== WORK REQUEST ==
Print the entries exactly as given.

== MATERIAL SUPPLIED ==
☆ ☆ ☆ ☆ ☆
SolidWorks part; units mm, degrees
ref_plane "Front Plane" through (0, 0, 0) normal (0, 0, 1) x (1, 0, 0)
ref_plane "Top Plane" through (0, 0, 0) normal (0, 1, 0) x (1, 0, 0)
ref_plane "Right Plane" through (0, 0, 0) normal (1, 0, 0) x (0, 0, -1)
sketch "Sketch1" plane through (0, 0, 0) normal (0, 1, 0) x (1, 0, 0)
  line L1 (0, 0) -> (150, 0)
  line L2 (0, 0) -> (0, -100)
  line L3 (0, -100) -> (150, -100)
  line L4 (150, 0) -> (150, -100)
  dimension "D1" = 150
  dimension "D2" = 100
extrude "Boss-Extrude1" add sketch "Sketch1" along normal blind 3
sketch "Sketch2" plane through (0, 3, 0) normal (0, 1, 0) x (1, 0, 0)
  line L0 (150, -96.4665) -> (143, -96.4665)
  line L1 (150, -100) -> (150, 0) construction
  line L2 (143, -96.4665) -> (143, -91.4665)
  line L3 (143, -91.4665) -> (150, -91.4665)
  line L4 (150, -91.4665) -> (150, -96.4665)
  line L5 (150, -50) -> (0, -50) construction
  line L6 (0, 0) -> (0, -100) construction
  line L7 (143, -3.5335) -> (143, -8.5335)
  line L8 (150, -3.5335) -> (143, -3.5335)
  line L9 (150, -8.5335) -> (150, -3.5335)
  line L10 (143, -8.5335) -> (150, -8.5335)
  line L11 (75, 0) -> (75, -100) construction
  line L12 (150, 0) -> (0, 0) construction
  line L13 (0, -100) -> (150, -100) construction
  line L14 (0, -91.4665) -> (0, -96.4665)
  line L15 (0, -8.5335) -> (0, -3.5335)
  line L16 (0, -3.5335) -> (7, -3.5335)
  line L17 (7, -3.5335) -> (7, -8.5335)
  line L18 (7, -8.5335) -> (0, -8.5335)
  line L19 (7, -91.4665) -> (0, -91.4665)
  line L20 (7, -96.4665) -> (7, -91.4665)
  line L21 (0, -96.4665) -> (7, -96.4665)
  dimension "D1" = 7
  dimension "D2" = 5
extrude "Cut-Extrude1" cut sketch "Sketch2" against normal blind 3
☆ ☆ ☆ ☆ ☆
== EXERCISE OUTPUT ==
SolidWorks part; units mm, degrees
ref_plane "Front Plane" through (0, 0, 0) normal (0, 0, 1) x (1, 0, 0)
ref_plane "Top Plane" through (0, 0, 0) normal (0, 1, 0) x (1, 0, 0)
ref_plane "Right Plane" through (0, 0, 0) normal (1, 0, 0) x (0, 0, -1)
sketch "Sketch1" plane through (0, 0, 0) normal (0, 1, 0) x (1, 0, 0)
  line L1 (0, 0) -> (150, 0)
  line L2 (0, 0) -> (0, -100)
  line L3 (0, -100) -> (150, -100)
  line L4 (150, 0) -> (150, -100)
  dimension "D1" = 150
  dimension "D2" = 100
extrude "Boss-Extrude1" add sketch "Sketch1" along normal blind 3
sketch "Sketch2" plane through (0, 3, 0) normal (0, 1, 0) x (1, 0, 0)
  line L0 (150, -96.4665) -> (143, -96.4665)
  line L1 (150, -100) -> (150, 0) construction
  line L2 (143, -96.4665) -> (143, -91.4665)
  line L3 (143, -91.4665) -> (150, -91.4665)
  line L4 (150, -91.4665) -> (150, -96.4665)
  line L5 (150, -50) -> (0, -50) construction
  line L6 (0, 0) -> (0, -100) construction
  line L7 (143, -3.5335) -> (143, -8.5335)
  line L8 (150, -3.5335) -> (143, -3.5335)
  line L9 (150, -8.5335) -> (150, -3.5335)
  line L10 (143, -8.5335) -> (150, -8.5335)
  line L11 (75, 0) -> (75, -100) construction
  line L12 (150, 0) -> (0, 0) construction
  line L13 (0, -100) -> (150, -100) construction
  line L14 (0, -91.4665) -> (0, -96.4665)
  line L15 (0, -8.5335) -> (0, -3.5335)
  line L16 (0, -3.5335) -> (7, -3.5335)
  line L17 (7, -3.5335) -> (7, -8.5335)
  line L18 (7, -8.5335) -> (0, -8.5335)
  line L19 (7, -91.4665) -> (0, -91.4665)
  line L20 (7, -96.4665) -> (7, -91.4665)
  line L21 (0, -96.4665) -> (7, -96.4665)
  dimension "D1" = 7
  dimension "D2" = 5
extrude "Cut-Extrude1" cut sketch "Sketch2" against normal blind 3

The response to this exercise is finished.